Introduction of PHASEfilter

PHASEfilter is a bioinformatic package that allow to identify the heterozygous variants that are present in diploid species. For that, it is necessary to have a diploid version of the reference genome and two variant files (vcf), one for each ploidy of the reference.

This package offer five tools:

  • phasefilter

  • phasefilter_single

  • reference_statistics

  • synchronize_genomes

  • make_alignment

phasefilter

Identifies heterozygous variations and create three VCF files for each direction of analysis: 1) valid; 2) heterozygous variants; 3) loss of heterozygous (LOH). Make the analysis in both directions, from reference A to reference B and vice-versa. It accept 5 mandatory parameters and two optional parameters. It is also possible define the threshold of Heterozygous/Homozygous variants based on Allele Count (AC) that must exist in the VCF file. These values are added by the caller, like GATK. A threshold that allow to remove variants with low Allele Frequency values it is also possible to set, but once again, it is ncessary to have Allele Count (AC) in each variant in VCF.

phasefilter_single

Identifies heterozygous variations and create three VCF files: 1) valid; 2) heterozygous variants; 3) loss of heterozygous (LOH). Only make the analysis in one direction, from reference A to reference B. It accept 5 mandatory parameters and two optional parameters. It is also possible define the threshold of Heterozygous/Homozygous variants based on Allele Count (AC) that must exist in the VCF file.
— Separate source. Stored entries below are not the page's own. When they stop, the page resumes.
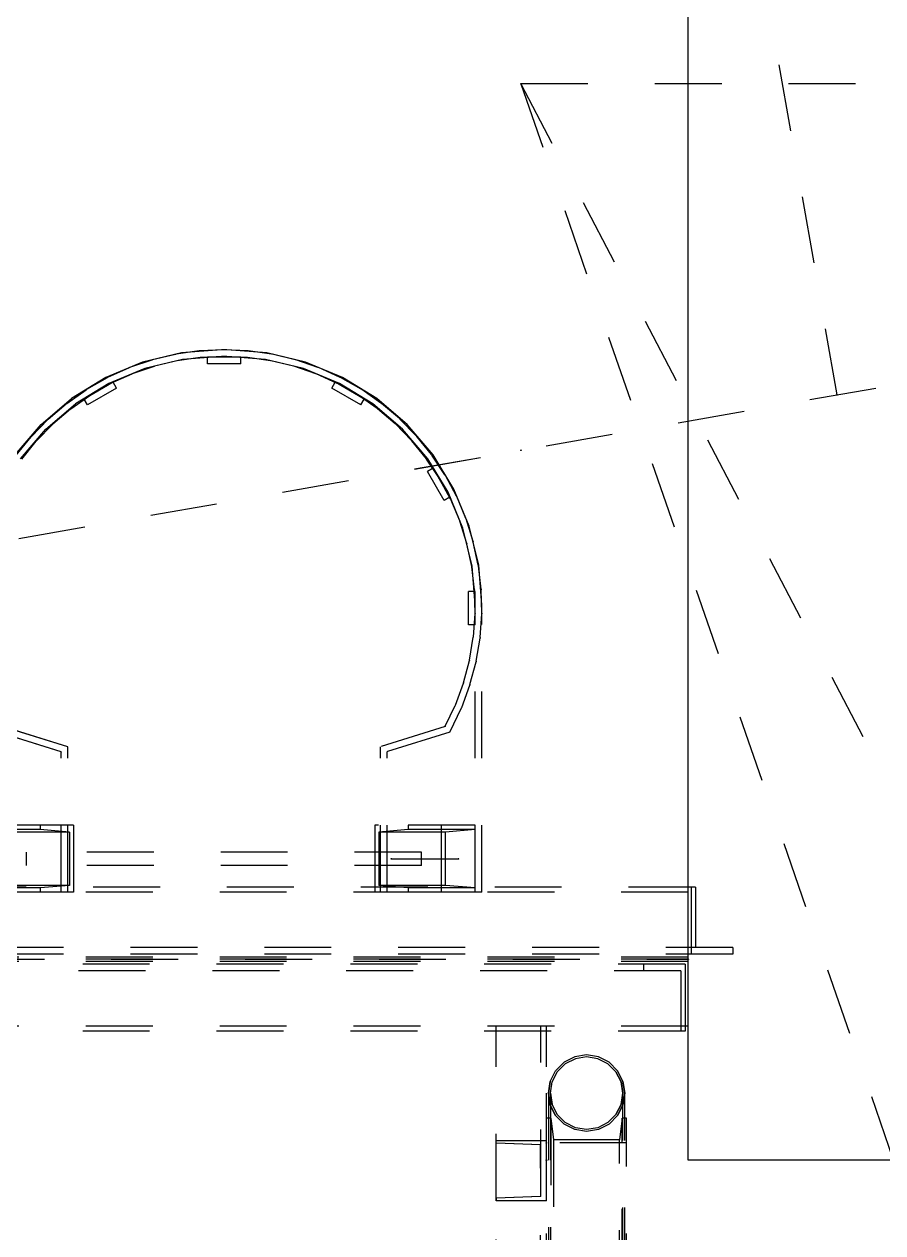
# Model space of a CAD drawing. Header units: millimetres. Extents: x 149919 to 150445, y 136651 to 136866.
# Drawn here: x 150259.471 to 150260.754, y 136848.966 to 136850.771 of the extents above; entities that cross this region are included whole.
import ezdxf

# ---------------------------------------------------------------- set-up
doc = ezdxf.new("R2010")
doc.units = ezdxf.units.MM
doc.header["$LTSCALE"] = 0.25
for name, pattern in [('CENTER', [50.8, 31.75, -6.35, 6.35, -6.35]), ('XKITLINE00', [0]), ('XKITLINE02', [4, 2, -2]), ('XKITLINE03', [6, 3, -1, 1, -1])]:
    doc.linetypes.add(name, pattern=pattern)

# ---------------------------------------------------------------- blocks, each defined once
blk = doc.blocks.new('çatıı')
at = {"color": 8, "linetype": 'CENTER'}
for p, q in [((11887.25, 19984.55), (11708.48, 21003.4)), ((11887.25, 19984.55), (11729.82, 20881.76)), ((11840, 20030.97), (12370, 19020.27)), ((11840, 20030.97), (12015, 19525.62)), ((12370, 20030.97), (11840, 20030.97)), ((11469.5, 19911.27), (12015, 20006.95)), ((11469.5, 19911.27), (12015, 20006.95)), ((11469.5, 19911.27), (11840, 19976.26))]:
    blk.add_line(p, q, dxfattribs=at)
at = {"color": 5, "linetype": 'XKITLINE00'}
for p, q in [((11865, 19870.28), (11865, 20204.82)), ((11945, 19870.28), (11865, 19870.28))]:
    blk.add_line(p, q, dxfattribs=at)
at = {"color": 116, "linetype": 'XKITLINE02', "true_color": 0x136734}
for p, q in [((11795.25, 19991.27), (11789.29, 19990.81)), ((11792.05, 19991.11), (11791.95, 19991.09)), ((11792.05, 19991.11), (11791.95, 19991.09)), ((11792.05, 19991.11), (11791.95, 19991.09)), ((11792.05, 19991.11), (11791.95, 19991.09)), ((11792.05, 19991.11), (11791.95, 19991.09)), ((11792.05, 19991.11), (11791.95, 19991.09)), ((11795.56, 19991.27), (11792.05, 19991.11)), ((11795.56, 19991.27), (11792.05, 19991.11)), ((11795.56, 19991.27), (11792.05, 19991.11)), ((11796.05, 19991.27), (11795.25, 19991.27)), ((11795.65, 19991.28), (11795.56, 19991.27)), ((11795.65, 19991.28), (11795.56, 19991.27)), ((11795.65, 19991.28), (11795.56, 19991.27)), ((11795.65, 19991.28), (11795.56, 19991.27)), ((11795.65, 19991.28), (11795.56, 19991.27)), ((11795.65, 19991.28), (11795.56, 19991.27)), ((11799.17, 19991.11), (11795.65, 19991.28)), ((11799.17, 19991.11), (11795.65, 19991.28)), ((11799.17, 19991.11), (11795.65, 19991.28)), ((11802.02, 19990.81), (11796.05, 19991.27)), ((11799.26, 19991.11), (11799.17, 19991.11)), ((11799.26, 19991.11), (11799.17, 19991.11)), ((11799.26, 19991.11), (11799.17, 19991.11)), ((11799.26, 19991.11), (11799.17, 19991.11)), ((11799.26, 19991.11), (11799.17, 19991.11)), ((11799.26, 19991.11), (11799.17, 19991.11)), ((11802.74, 19990.61), (11799.26, 19991.11)), ((11802.74, 19990.61), (11799.26, 19991.11)), ((11802.74, 19990.61), (11799.26, 19991.11)), ((11783.48, 19989.41), (11777.96, 19987.12)), ((11784.87, 19989.73), (11781.54, 19988.6)), ((11784.87, 19989.73), (11781.54, 19988.6)), ((11784.87, 19989.73), (11781.54, 19988.6)), ((11789.29, 19990.81), (11783.48, 19989.41)), ((11789.45, 19989.82), (11783.79, 19988.46)), ((11784.96, 19989.76), (11784.87, 19989.73)), ((11784.96, 19989.76), (11784.87, 19989.73)), ((11784.96, 19989.76), (11784.87, 19989.73)), ((11784.96, 19989.76), (11784.87, 19989.73)), ((11784.96, 19989.76), (11784.87, 19989.73)), ((11784.96, 19989.76), (11784.87, 19989.73)), ((11788.38, 19990.58), (11784.96, 19989.76)), ((11788.38, 19990.58), (11784.96, 19989.76)), ((11788.38, 19990.58), (11784.96, 19989.76)), ((11788.61, 19989.6), (11785.24, 19988.8)), ((11788.61, 19989.6), (11785.24, 19988.8)), ((11788.61, 19989.6), (11785.24, 19988.8)), ((11788.47, 19990.6), (11788.38, 19990.58)), ((11788.47, 19990.6), (11788.38, 19990.58)), ((11788.47, 19990.6), (11788.38, 19990.58)), ((11788.47, 19990.6), (11788.38, 19990.58)), ((11788.47, 19990.6), (11788.38, 19990.58)), ((11788.47, 19990.6), (11788.38, 19990.58)), ((11791.95, 19991.09), (11788.47, 19990.6)), ((11791.95, 19991.09), (11788.47, 19990.6)), ((11791.95, 19991.09), (11788.47, 19990.6)), ((11788.66, 19989.62), (11788.61, 19989.6)), ((11788.66, 19989.62), (11788.61, 19989.6)), ((11788.66, 19989.62), (11788.61, 19989.6)), ((11788.66, 19989.62), (11788.61, 19989.6)), ((11788.66, 19989.62), (11788.61, 19989.6)), ((11788.66, 19989.62), (11788.61, 19989.6)), ((11792.09, 19990.1), (11788.66, 19989.62)), ((11792.09, 19990.1), (11788.66, 19989.62)), ((11792.09, 19990.1), (11788.66, 19989.62)), ((11795.25, 19990.27), (11789.45, 19989.82)), ((11792.14, 19990.11), (11792.09, 19990.1)), ((11792.14, 19990.11), (11792.09, 19990.1)), ((11792.14, 19990.11), (11792.09, 19990.1)), ((11792.14, 19990.11), (11792.09, 19990.1)), ((11792.14, 19990.11), (11792.09, 19990.1)), ((11792.14, 19990.11), (11792.09, 19990.1)), ((11795.6, 19990.27), (11792.14, 19990.11)), ((11795.6, 19990.27), (11792.14, 19990.11)), ((11795.6, 19990.27), (11792.14, 19990.11)), ((11793.15, 19989.19), (11793.15, 19990.19)), ((11798.15, 19990.19), (11793.15, 19990.19)), ((11796.05, 19990.27), (11795.25, 19990.27)), ((11795.65, 19990.27), (11795.6, 19990.27)), ((11795.65, 19990.27), (11795.6, 19990.27)), ((11795.65, 19990.27), (11795.6, 19990.27)), ((11795.65, 19990.27), (11795.6, 19990.27)), ((11795.65, 19990.27), (11795.6, 19990.27)), ((11795.65, 19990.27), (11795.6, 19990.27)), ((11799.12, 19990.11), (11795.65, 19990.27)), ((11799.12, 19990.11), (11795.65, 19990.27)), ((11799.12, 19990.11), (11795.65, 19990.27)), ((11801.86, 19989.82), (11796.05, 19990.27)), ((11798.15, 19989.19), (11798.15, 19990.19)), ((11799.17, 19990.11), (11799.12, 19990.11)), ((11799.17, 19990.11), (11799.12, 19990.11)), ((11799.17, 19990.11), (11799.12, 19990.11)), ((11799.17, 19990.11), (11799.12, 19990.11)), ((11799.17, 19990.11), (11799.12, 19990.11)), ((11799.17, 19990.11), (11799.12, 19990.11)), ((11802.6, 19989.62), (11799.17, 19990.11)), ((11802.6, 19989.62), (11799.17, 19990.11)), ((11802.6, 19989.62), (11799.17, 19990.11)), ((11807.52, 19988.46), (11801.86, 19989.82)), ((11807.83, 19989.41), (11802.02, 19990.81)), ((11802.65, 19989.62), (11802.6, 19989.62)), ((11802.65, 19989.62), (11802.6, 19989.62)), ((11802.65, 19989.62), (11802.6, 19989.62)), ((11802.65, 19989.62), (11802.6, 19989.62)), ((11802.65, 19989.62), (11802.6, 19989.62)), ((11802.65, 19989.62), (11802.6, 19989.62)), ((11806.02, 19988.81), (11802.65, 19989.62)), ((11806.02, 19988.81), (11802.65, 19989.62)), ((11806.02, 19988.81), (11802.65, 19989.62)), ((11802.84, 19990.6), (11802.74, 19990.61)), ((11802.84, 19990.6), (11802.74, 19990.61)), ((11802.84, 19990.6), (11802.74, 19990.61)), ((11802.84, 19990.6), (11802.74, 19990.61)), ((11802.84, 19990.6), (11802.74, 19990.61)), ((11802.84, 19990.6), (11802.74, 19990.61)), ((11806.26, 19989.78), (11802.84, 19990.6)), ((11806.26, 19989.78), (11802.84, 19990.6)), ((11806.26, 19989.78), (11802.84, 19990.6)), ((11806.35, 19989.76), (11806.26, 19989.78)), ((11806.35, 19989.76), (11806.26, 19989.78)), ((11806.35, 19989.76), (11806.26, 19989.78)), ((11806.35, 19989.76), (11806.26, 19989.78)), ((11806.35, 19989.76), (11806.26, 19989.78)), ((11806.35, 19989.76), (11806.26, 19989.78)), ((11809.68, 19988.63), (11806.35, 19989.76)), ((11809.68, 19988.63), (11806.35, 19989.76)), ((11809.68, 19988.63), (11806.35, 19989.76)), ((11813.35, 19987.12), (11807.83, 19989.41)), ((11781.45, 19988.56), (11778.25, 19987.11)), ((11781.45, 19988.56), (11778.25, 19987.11)), ((11781.45, 19988.56), (11778.25, 19987.11)), ((11783.79, 19988.46), (11778.41, 19986.23)), ((11781.86, 19987.64), (11778.7, 19986.22)), ((11781.86, 19987.64), (11778.7, 19986.22)), ((11781.86, 19987.64), (11778.7, 19986.22)), ((11781.54, 19988.6), (11781.45, 19988.56)), ((11781.54, 19988.6), (11781.45, 19988.56)), ((11781.54, 19988.6), (11781.45, 19988.56)), ((11781.54, 19988.6), (11781.45, 19988.56)), ((11781.54, 19988.6), (11781.45, 19988.56)), ((11781.54, 19988.6), (11781.45, 19988.56)), ((11781.91, 19987.66), (11781.86, 19987.64)), ((11781.91, 19987.66), (11781.86, 19987.64)), ((11781.91, 19987.66), (11781.86, 19987.64)), ((11781.91, 19987.66), (11781.86, 19987.64)), ((11781.91, 19987.66), (11781.86, 19987.64)), ((11781.91, 19987.66), (11781.86, 19987.64)), ((11785.19, 19988.78), (11781.91, 19987.66)), ((11785.19, 19988.78), (11781.91, 19987.66)), ((11785.19, 19988.78), (11781.91, 19987.66)), ((11785.24, 19988.8), (11785.19, 19988.78)), ((11785.24, 19988.8), (11785.19, 19988.78)), ((11785.24, 19988.8), (11785.19, 19988.78)), ((11785.24, 19988.8), (11785.19, 19988.78)), ((11785.24, 19988.8), (11785.19, 19988.78)), ((11785.24, 19988.8), (11785.19, 19988.78)), ((11798.15, 19989.19), (11793.15, 19989.19)), ((11806.07, 19988.8), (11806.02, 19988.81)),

These values are added by the caller, like GATK. A threshold that allow to remove variants with low Allele Frequency values it is also possible.

reference_statistics

Creates a report based on the number of bases that exists in the chromosomes. It accept 2 mandatory parameters.

synchronize_genomes

Synchronize two references and add two new fields (StartHit;EndHit) GFF with the positions on hit reference. If you you a VCF file only adds (start_hit) tag to the VCF INFO. It accept 4 mandatory parameters and one optional parameter. It is necessary to pass a VCF or a GFF file.

make_alignment

Obtain the percentage of the minimap2 alignment between chromosomes and create an output in Clustal X format. It accept 3 mandatory parameters and two optional parameters.